The PA values (representing agreement) for Observer 1 ranged from 50% to 83% (Table 3). The results of the evaluation of the disagreement between the test–retest assessments of visual grading are given in Table 4. The RV values are negligibly small, except for Q5 in the lower level of the brain, which means that the observed disagreements are mainly owing to small systematic disagreements in the two assessments of the same images, with the following exceptions.

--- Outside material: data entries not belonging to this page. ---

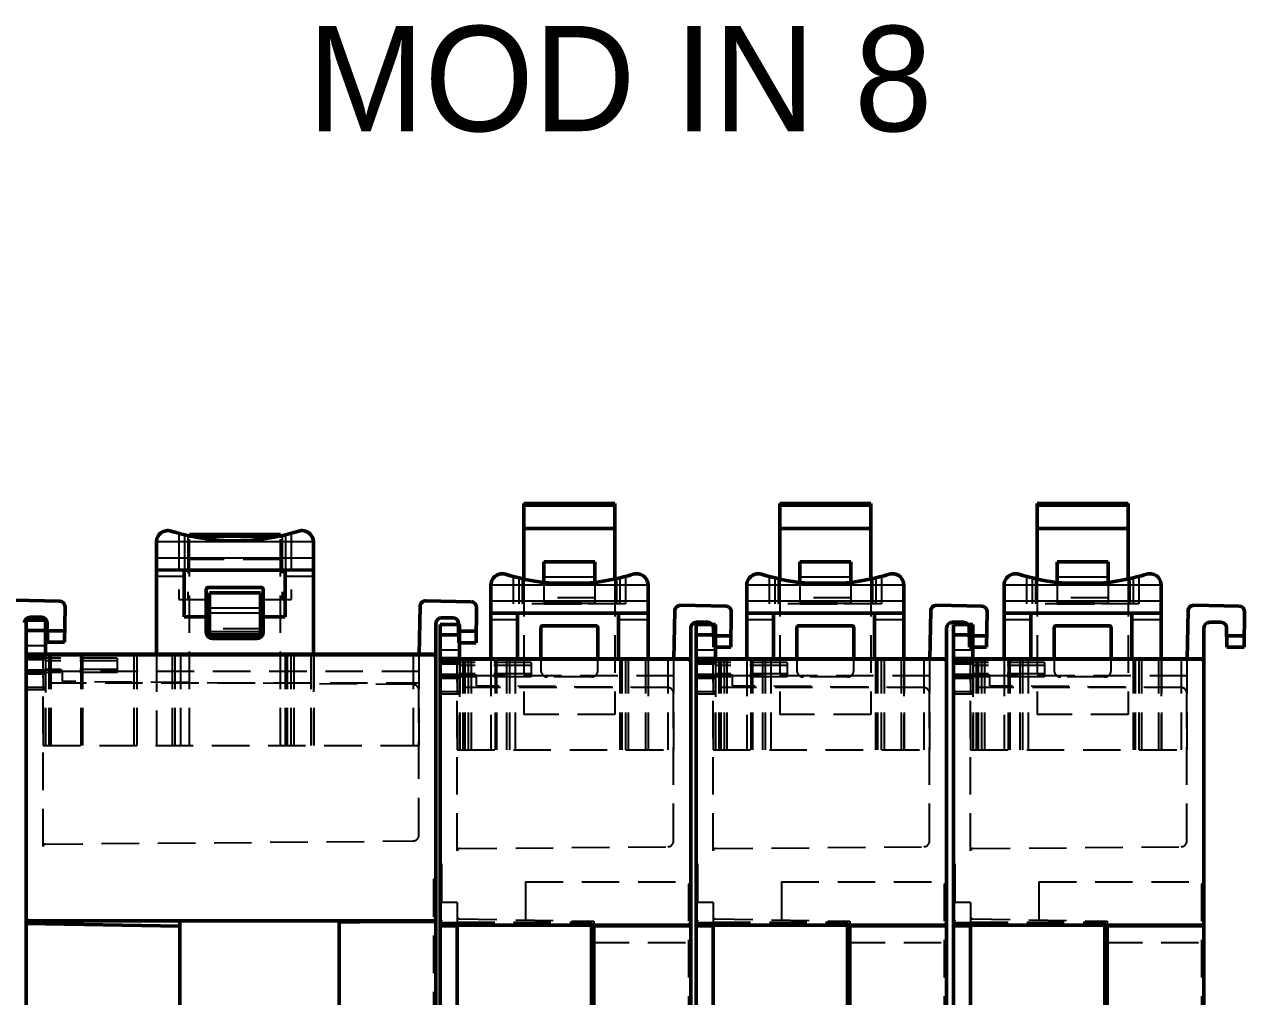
# Model space of a CAD drawing. Extents: x -891 to 6596, y -1 to 298.
# Drawn here: x -324.45 to -308.18, y 179.07 to 192.03 of the extents above; entities that cross this region are included whole.
import ezdxf

# ---------------------------------------------------------------- set-up
doc = ezdxf.new("R2010")
doc.units = 0
doc.header["$MEASUREMENT"] = 0
doc.linetypes.add('Center', pattern=[1.5, 0.45, -0.5, 0.05, -0.5])
doc.linetypes.add('DASHED', pattern=[0.75, 0.5, -0.25])
for name, color, linetype, lineweight in [('AM_0', 7, 'Continuous', 50), ('AM_4', 3, 'Continuous', 25), ('AM_7', 7, 'Center', 25), ('AM_9', 6, 'DASHED', 25)]:
    doc.layers.add(name, color=color, linetype=linetype, lineweight=lineweight)

msp = doc.modelspace()

# ---------------------------------------------------------------- linework, layer by layer
at = {"layer": 'AM_0'}
for p, q in [((-317.789, 185.645), (-317.789, 184.639)), ((-316.575, 185.645), (-317.789, 185.645)), ((-316.575, 185.645), (-316.575, 184.639)), ((-314.377, 185.645), (-314.377, 184.639)), ((-313.162, 185.645), (-314.377, 185.645)), ((-313.162, 185.645), (-313.162, 184.639)), ((-310.944, 185.645), (-310.944, 184.639)), ((-309.729, 185.645), (-310.944, 185.645)), ((-309.729, 185.645), (-309.729, 184.639)), ((-322.25, 185.233), (-322.25, 185.215)), ((-321.035, 185.233), (-322.25, 185.233)), ((-321.035, 185.233), (-321.035, 185.215)), ((-316.575, 185.311), (-317.789, 185.311)), ((-313.162, 185.311), (-314.377, 185.311)), ((-309.729, 185.311), (-310.944, 185.311)), ((-322.69, 185.133), (-322.69, 183.636)), ((-320.595, 185.133), (-320.595, 183.636)), ((-322.32, 184.758), (-322.32, 184.137)), ((-320.973, 184.758), (-322.32, 184.758)), ((-320.973, 184.758), (-320.973, 184.137)), ((-317.523, 184.868), (-317.523, 184.595)), ((-316.841, 184.868), (-317.523, 184.868)), ((-316.841, 184.868), (-316.841, 184.595)), ((-314.11, 184.868), (-314.11, 184.595)), ((-313.428, 184.868), (-314.11, 184.868)), ((-313.428, 184.868), (-313.428, 184.595)), ((-310.678, 184.868), (-310.678, 184.595)), ((-309.996, 184.868), (-310.678, 184.868)), ((-309.996, 184.868), (-309.996, 184.595)), ((-318.23, 184.558), (-318.23, 183.577)), ((-316.134, 184.558), (-316.134, 183.577)), ((-314.817, 184.558), (-314.817, 183.577)), ((-312.721, 184.558), (-312.721, 183.577)), ((-311.384, 184.558), (-311.384, 183.577)), ((-309.289, 184.558), (-309.289, 183.577)), ((-322.025, 183.931), (-322.025, 184.498)), ((-321.297, 184.528), (-321.995, 184.528)), ((-321.983, 184.456), (-321.983, 183.897)), ((-321.302, 184.456), (-321.983, 184.456)), ((-321.302, 184.456), (-321.302, 183.897)), ((-321.266, 184.498), (-321.266, 183.931)), ((-323.983, 184.346), (-324.586, 184.356)), ((-323.917, 183.796), (-323.909, 184.268)), ((-319.174, 184.273), (-319.186, 183.636)), ((-318.495, 184.337), (-319.097, 184.348)), ((-318.428, 183.787), (-318.42, 184.26)), ((-315.097, 184.279), (-315.7, 184.289)), ((-311.684, 184.279), (-312.287, 184.289)), ((-308.252, 184.279), (-308.854, 184.289)), ((-324.429, 184.092), (-324.429, 164.503)), ((-324.171, 184.092), (-324.429, 184.092)), ((-324.375, 184.13), (-324.224, 184.13)), ((-324.171, 184.092), (-324.171, 183.628)), ((-322.025, 184.137), (-322.32, 184.137)), ((-320.973, 184.137), (-321.266, 184.137)), ((-318.886, 184.121), (-318.736, 184.121)), ((-317.873, 184.183), (-317.873, 183.577)), ((-316.527, 184.183), (-317.873, 184.183)), ((-316.527, 184.183), (-316.527, 183.577)), ((-315.777, 184.215), (-315.788, 183.577)), ((-315.489, 184.063), (-315.338, 184.063)), ((-315.031, 183.729), (-315.023, 184.201)), ((-314.46, 184.183), (-314.46, 183.577)), ((-313.114, 184.183), (-314.46, 184.183)), ((-313.114, 184.183), (-313.114, 183.577)), ((-312.364, 184.215), (-312.375, 183.577)), ((-312.076, 184.063), (-311.925, 184.063)), ((-311.618, 183.729), (-311.61, 184.201)), ((-311.028, 184.183), (-311.028, 183.577)), ((-309.681, 184.183), (-311.028, 184.183)), ((-309.681, 184.183), (-309.681, 183.577)), ((-308.932, 184.215), (-308.943, 183.577)), ((-308.644, 184.063), (-308.493, 184.063)), ((-308.185, 183.729), (-308.177, 184.201)), ((-324.171, 183.952), (-324.429, 183.952)), ((-324.148, 184.055), (-324.144, 183.796)), ((-324.147, 183.95), (-323.914, 183.95)), ((-321.983, 183.897), (-321.302, 183.897)), ((-318.962, 184.046), (-318.962, 174.084)), ((-318.647, 184.033), (-318.906, 184.033)), ((-318.906, 184.033), (-318.906, 164.444)), ((-318.66, 184.047), (-318.655, 183.787)), ((-318.658, 183.942), (-318.426, 183.942)), ((-318.647, 184.033), (-318.647, 183.569)), ((-317.562, 183.987), (-317.562, 183.577)), ((-316.833, 184.017), (-317.531, 184.017)), ((-316.802, 183.577), (-316.802, 183.987)), ((-315.565, 183.987), (-315.565, 174.026)), ((-315.235, 184.033), (-315.493, 184.033)), ((-315.493, 184.033), (-315.493, 164.444)), ((-315.262, 183.988), (-315.258, 183.729)), ((-315.235, 184.033), (-315.235, 183.569)), ((-314.149, 183.987), (-314.149, 183.577)), ((-313.42, 184.017), (-314.118, 184.017)), ((-313.39, 183.577), (-313.39, 183.987)), ((-312.152, 183.987), (-312.152, 174.026)), ((-311.802, 184.033), (-312.06, 184.033)), ((-312.06, 184.033), (-312.06, 164.444)), ((-311.849, 183.988), (-311.845, 183.729)), ((-311.802, 184.033), (-311.802, 183.569)), ((-310.716, 183.987), (-310.716, 183.577)), ((-309.987, 184.017), (-310.686, 184.017)), ((-309.957, 183.577), (-309.957, 183.987)), ((-308.72, 183.987), (-308.72, 174.026)), ((-308.417, 183.988), (-308.412, 183.729)), ((-323.917, 183.796), (-324.144, 183.796)), ((-321.353, 183.845), (-321.939, 183.845)), ((-318.647, 183.893), (-318.906, 183.893)), ((-318.428, 183.787), (-318.655, 183.787)), ((-315.235, 183.893), (-315.493, 183.893)), ((-315.261, 183.884), (-315.028, 183.884)), ((-311.802, 183.893), (-312.06, 183.893)), ((-311.848, 183.884), (-311.615, 183.884)), ((-308.415, 183.884), (-308.183, 183.884)), ((-324.171, 183.639), (-324.429, 183.639)), ((-319, 183.628), (-324.391, 183.628)), ((-318.962, 183.636), (-324.171, 183.636)), ((-318.647, 183.581), (-318.906, 183.581)), ((-315.603, 183.569), (-318.868, 183.569)), ((-315.565, 183.577), (-318.647, 183.577)), ((-315.235, 183.581), (-315.493, 183.581)), ((-312.19, 183.569), (-315.455, 183.569)), ((-315.031, 183.729), (-315.258, 183.729)), ((-312.152, 183.577), (-315.235, 183.577)), ((-311.802, 183.581), (-312.06, 183.581)), ((-308.758, 183.569), (-312.022, 183.569)), ((-311.618, 183.729), (-311.845, 183.729)), ((-308.72, 183.577), (-311.802, 183.577)), ((-308.185, 183.729), (-308.412, 183.729)), ((-324.411, 180.09), (-324.429, 180.09)), ((-324.429, 180.084), (-319, 180.084)), ((-324.429, 180.047), (-322.376, 180.012)), ((-322.376, 180.084), (-322.376, 164.959)), ((-320.253, 164.959), (-320.253, 180.084)), ((-319.136, 180.084), (-320.253, 180.064)), ((-318.962, 180.09), (-318.98, 180.09)), ((-318.888, 180.031), (-318.906, 180.031)), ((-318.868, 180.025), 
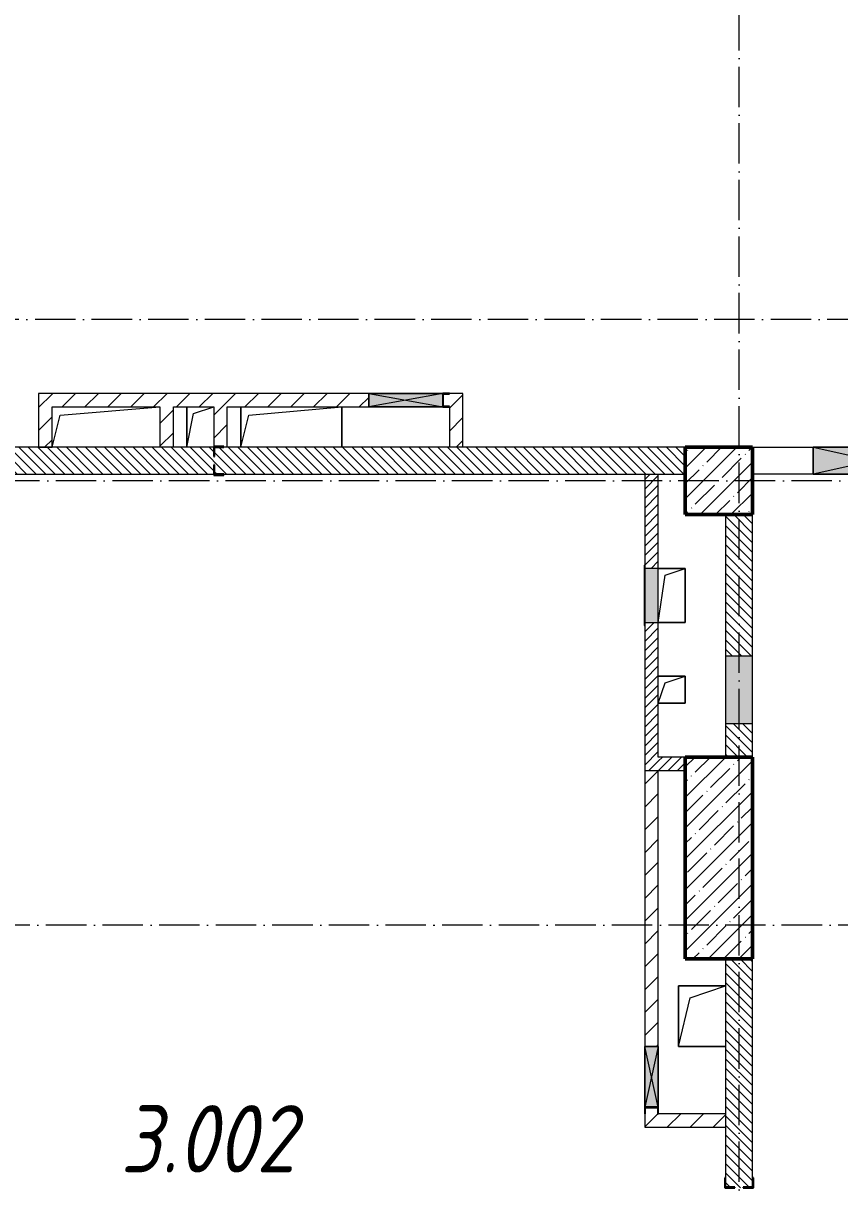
# Model space of a CAD drawing. Header units: millimetres. Extents: x 2294 to 908349, y -83289 to 219220.
# Drawn here: x 165719 to 171781, y 77394 to 86006 of the extents above; entities that cross this region are included whole.
import ezdxf

# ---------------------------------------------------------------- set-up
doc = ezdxf.new("R2010")
doc.units = ezdxf.units.MM
doc.linetypes.add('50_200_ШТРИХ_1Т_ш5_п1_п1_', pattern=[700, 500, -100, 0, -100])
for name, color, linetype, lineweight in [('A-DETL-GENF-OTLN', 7, 'Continuous', 9), ('A-FLOR-____-OTLN', 7, 'Continuous', 9), ('A-GENM-____-MCUT', 7, 'Continuous', 25), ('A-GENM-____-OTLN', 7, 'Continuous', 9), ('A-GENM-____-OTLN-1', 7, 'Continuous', 25), ('A-GLAZ-____-OTLN', 7, 'Continuous', 9), ('A-WALL-____-MCUT', 7, 'Continuous', 13), ('A-WALL-____-MCUT-1', 7, 'Continuous', 9), ('A-WALL-____-PATT-1', 7, 'Continuous', 9), ('A-WALL-FNSH-MCUT-1', 7, 'Continuous', 9), ('I-WALL-____-OTLN', 7, 'Continuous', 9), ('S-COLS-____-MCUT', 7, 'Continuous', 50), ('S-COLS-____-OTLN', 7, 'Continuous', 9), ('S-GRID-____-OTLN-1', 7, '50_200_ШТРИХ_1Т_ш5_п1_п1_', 9), ('Марки помещений', 7, 'Continuous', 9)]:
    doc.layers.add(name, color=color, linetype=linetype, lineweight=lineweight)
doc.layers.add('A-GLAZ-____-OTLN-1', color=7, linetype='Continuous', lineweight=9, true_color=0xc0c0c0)
doc.styles.add('ISOCPEUR_I_2', font='isocpeui.ttf', dxfattribs={"width": 0.85, "height": 2.3})
pattern_1 = [(135, (165583.507, 6025.276), (-35.35534, -35.35534), [])]
pattern_2 = [(45, (165583.507, 6025.276), (-35.35534, 35.35534), [])]
pattern_3 = [(45, (165583.51, 6025.28), (-84.85281, 84.85281), [])]

# ---------------------------------------------------------------- blocks, each defined once
blk = doc.blocks.new('3osi')
at = {"layer": 'S-GRID-____-OTLN-1', "color": 251, "ltscale": 0.6, "true_color": 0x636466}
for p, q in [((171033.5, 58916.9), (171033.5, 96918.1)), ((212738.1, 83806.3), (160914.7, 83806.3)), ((198188.5, 82606.3), (160914.7, 82606.3)), ((190133.5, 79306.3), (160914.7, 79306.3))]:
    blk.add_line(p, q, dxfattribs=at)
blk = doc.blocks.new('BSC_Колонна _Прямоугольная - 500х500-V27-АР1_План отверстий 3 этажа в осях 1-64_Ю-ЯЯ')
at = {"layer": 'S-COLS-____-OTLN'}
h = blk.add_hatch(dxfattribs=at)
h.set_pattern_fill('FP_34', color=256, style=0, pattern_type=2)
h.set_pattern_definition([(45, (-5300, -76581.04), (-114.04925, 114.04925), []), (45, (-5185.95, -76581.04), (-114.04925, 114.04925), [201.613, -40.323, 3.353, -36.97])])
h.paths.add_polyline_path([(-250, -250), (250, -250), (250, 250), (-250, 250)], flags=0)
at = {"layer": 'S-COLS-____-MCUT'}
for p, q in [((250, 250), (-250, 250)), ((-250, 250), (-250, -250)), ((250, -250), (250, 250)), ((-250, -250), (250, -250))]:
    blk.add_line(p, q, dxfattribs=at)
blk = doc.blocks.new('BSC_Колонна _Прямоугольная - 500х1500-25984399-АР1_План отверстий 3 этажа в осях 1-64_Ю-ЯЯ')
at = {"layer": 'S-COLS-____-OTLN'}
h = blk.add_hatch(dxfattribs=at)
h.set_pattern_fill('FP_152', color=256, style=0, pattern_type=2)
h.set_pattern_definition([(45, (-5300, -73781.04), (-114.04925, 114.04925), []), (45, (-5185.95, -73781.04), (-114.04925, 114.04925), [201.613, -40.323, 3.353, -36.97])])
h.paths.add_polyline_path([(-250, -750), (250, -750), (250, 750), (-250, 750), (-250, -412.7)], flags=0)
at = {"layer": 'S-COLS-____-MCUT'}
for p, q in [((250, 750), (-250, 750)), ((-250, 750), (-250, -750)), ((250, -750), (250, 750)), ((-250, -750), (250, -750))]:
    blk.add_line(p, q, dxfattribs=at)
blk = doc.blocks.new('Фахверк_СКБ_Уголок - 200_3550-28187522-АР1_План отверстий 3 этажа в осях 1-64_Ю-ЯЯ')
at = {"layer": 'A-GENM-____-MCUT'}
for p, q in [((125, 156), (50, 156)), ((50, 156), (50, 150)), ((50, 150), (119, 150)), ((119, 150), (119, 81)), ((125, 81), (125, 156)), ((119, 81), (125, 81)), ((125, 19), (119, 19)), ((119, 19), (119, -50)), ((125, -56), (125, 19)), ((119, -50), (50, -50)), ((50, -50), (50, -56)), ((50, -56), (125, -56))]:
    blk.add_line(p, q, dxfattribs=at)
blk = doc.blocks.new('АР_Перемычка - АР_Перемычка-28586037-АР1_План отверстий 3 этажа в осях 1-64_Ю-ЯЯ')
at = {"layer": 'A-GENM-____-OTLN'}
blk.add_line((-250, -100), (-243, -100), dxfattribs=at)
blk = doc.blocks.new('154_Стойка_СКБ_Уголок - СМ-2480_200-28346303-АР1_План отверстий 3 этажа в осях 1-64_Ю-ЯЯ')
at = {"layer": 'A-GENM-____-MCUT'}
for p, q in [((125, 156), (125, 81)), ((200, 156), (125, 156)), ((131, 81), (131, 150)), ((131, 150), (200, 150)), ((200, 150), (200, 156)), ((125, 81), (131, 81)), ((131, 19), (125, 19)), ((125, 19), (125, -56)), ((131, -50), (131, 19)), ((125, -56), (200, -56)), ((200, -50), (131, -50)), ((200, -56), (200, -50))]:
    blk.add_line(p, q, dxfattribs=at)
blk = doc.blocks.new('AR_Отверстие Ниша - Лючок-32405045-АР1_План отверстий 3 этажа в осях 1-64_Ю-ЯЯ')
at = {"layer": 'A-GLAZ-____-OTLN'}
blk.add_hatch(color=256, dxfattribs=at).paths.add_polyline_path([(-250, -100), (250, -100), (250, 100), (-250, 100)], flags=0)
for p, q in [((250, 100), (-250, 100)), ((-250, 100), (-250, -100)), ((250, -100), (250, 100)), ((-250, -100), (250, -100))]:
    blk.add_line(p, q, dxfattribs=at)
blk = doc.blocks.new('AR_Отверстие Ниша - Лючок-32403280-АР1_План отверстий 3 этажа в осях 1-64_Ю-ЯЯ')
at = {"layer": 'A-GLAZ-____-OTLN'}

The positive RP values for Q3 and Q6 in the upper level of the brain reveal that Observer 1 was more likely to assess an image as being of a poorer image quality on the second occasion than on the first; regarding Q5, the observer concentrated the assessments more on the second occasion than on the first (RC, 0.14). In the lower level of the brain, the negative RP value for Q4 indicated that Observer 1 was more likely to assess an image as being of a higher image quality on the second occasion than on the first.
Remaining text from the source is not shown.